[TO DO] Your task is to copy the records that follow exactly, minus any images.

[DATA SHOWN]
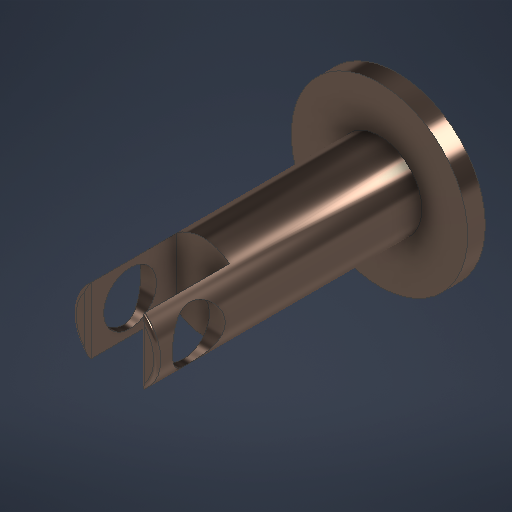
# Autodesk Inventor part: Part1final
Saved by Autodesk Inventor 2026 (Build 300175050, 175E)
## iProperties
Created: 2026-05-04
Part Number: Part1final
Material: Steel, Carbon
Document SubType Name: Modeling
Designer: ptp527
Mass: 266782 g
Surface Area: 10034.4 cm^2
Volume: 33984.9 cm^3
Density: 7.85 g/cm^3
Appearance: Semi-Polished
Author: ptp527
Autodesk Inventor part; units mm, degrees
ref_plane "YZ Plane" through (0, 0, 0) normal (1, 0, 0) x (0, 1, 0)
ref_plane "XZ Plane" through (0, 0, 0) normal (0, 1, 0) x (-1, 0, 0)
ref_plane "XY Plane" through (0, 0, 0) normal (0, 0, 1) x (1, 0, 0)
sketch "Sketch1" plane through (0, 0, 0) normal (0, 0, 1) x (1, 0, 0)
  circle A0 centre (0, 0) radius 250
  dimension "d0" = 500
  constraints: 1 centre point, 1 coincident
  measures "d0" diameter of A0
extrude "Extrusion1" add sketch "Sketch1" along normal blind 50
sketch "Sketch2" plane through (0, 0, 50) normal (0, 0, 1) x (1, 0, 0)
  circle A0 centre (0, 0) radius 120
  dimension "d3" = 240
  constraints: 1 centre point, 1 coincident
  measures "d3" diameter of A0
extrude "Extrusion2" add sketch "Sketch2" along normal blind 750
sketch "Sketch3" plane through (0, 0, 800) normal (0, 0, 1) x (1, 0, 0)
  line L0 (-75, -121) -> (75, -121)
  line L1 (75, -121) -> (75, 121)
  line L2 (75, 121) -> (-75, 121)
  line L3 (-75, 121) -> (-75, -121)
  line L4 (-75, -121) -> (75, 121) construction
  line L5 (75, -121) -> (-75, 121) construction
  point P0 (0, 0)
  dimension "d6" = 150
  dimension "d7" = 150
  dimension "d8" = 121
  constraints: 12 end point, 2 midpoint, 2 parallel, 1 horizontal, 1 perpendicular
  measures "d6" distance of L1.end L2.end
  measures "d7" distance between parallel lines of L1 L3
  measures "d8" distance from line of L0 point (0, 0)
extrude "Extrusion3" cut sketch "Sketch3" against normal blind 250
sketch "Sketch4" plane through (-75, -93.675, 800) normal (1, 0, 0) x (0, 0, -1)
  circle A0 centre (118.0956, 93.675) radius 75
  point P0 (800, 93.675)
  dimension "d11" = 150
  constraints: 1 centre point
  measures "d11" diameter of A0
extrude "Extrusion4" cut sketch "Sketch4" along normal mid plane 500
fillet "Fillet1" radius 10 5 edges at (-120, 0, 800) (-75, 0, 800) (75, 0, 800) (108.1665, -51.9615, 800) (108.1665, 51.9615, 800)
body "Solid1"

[FINISHED TASK]
# Autodesk Inventor part: Part1final
Saved by Autodesk Inventor 2026 (Build 300175050, 175E)
## iProperties
Created: 2026-05-04
Part Number: Part1final
Material: Steel, Carbon
Document SubType Name: Modeling
Designer: ptp527
Mass: 266782 g
Surface Area: 10034.4 cm^2
Volume: 33984.9 cm^3
Density: 7.85 g/cm^3
Appearance: Semi-Polished
Author: ptp527
Autodesk Inventor part; units mm, degrees
ref_plane "YZ Plane" through (0, 0, 0) normal (1, 0, 0) x (0, 1, 0)
ref_plane "XZ Plane" through (0, 0, 0) normal (0, 1, 0) x (-1, 0, 0)
ref_plane "XY Plane" through (0, 0, 0) normal (0, 0, 1) x (1, 0, 0)
sketch "Sketch1" plane through (0, 0, 0) normal (0, 0, 1) x (1, 0, 0)
  circle A0 centre (0, 0) radius 250
  dimension "d0" = 500
  constraints: 1 centre point, 1 coincident
  measures "d0" diameter of A0
extrude "Extrusion1" add sketch "Sketch1" along normal blind 50
sketch "Sketch2" plane through (0, 0, 50) normal (0, 0, 1) x (1, 0, 0)
  circle A0 centre (0, 0) radius 120
  dimension "d3" = 240
  constraints: 1 centre point, 1 coincident
  measures "d3" diameter of A0
extrude "Extrusion2" add sketch "Sketch2" along normal blind 750
sketch "Sketch3" plane through (0, 0, 800) normal (0, 0, 1) x (1, 0, 0)
  line L0 (-75, -121) -> (75, -121)
  line L1 (75, -121) -> (75, 121)
  line L2 (75, 121) -> (-75, 121)
  line L3 (-75, 121) -> (-75, -121)
  line L4 (-75, -121) -> (75, 121) construction
  line L5 (75, -121) -> (-75, 121) construction
  point P0 (0, 0)
  dimension "d6" = 150
  dimension "d7" = 150
  dimension "d8" = 121
  constraints: 12 end point, 2 midpoint, 2 parallel, 1 horizontal, 1 perpendicular
  measures "d6" distance of L1.end L2.end
  measures "d7" distance between parallel lines of L1 L3
  measures "d8" distance from line of L0 point (0, 0)
extrude "Extrusion3" cut sketch "Sketch3" against normal blind 250
sketch "Sketch4" plane through (-75, -93.675, 800) normal (1, 0, 0) x (0, 0, -1)
  circle A0 centre (118.0956, 93.675) radius 75
  point P0 (800, 93.675)
  dimension "d11" = 150
  constraints: 1 centre point
  measures "d11" diameter of A0
extrude "Extrusion4" cut sketch "Sketch4" along normal mid plane 500
fillet "Fillet1" radius 10 5 edges at (-120, 0, 800) (-75, 0, 800) (75, 0, 800) (108.1665, -51.9615, 800) (108.1665, 51.9615, 800)
body "Solid1"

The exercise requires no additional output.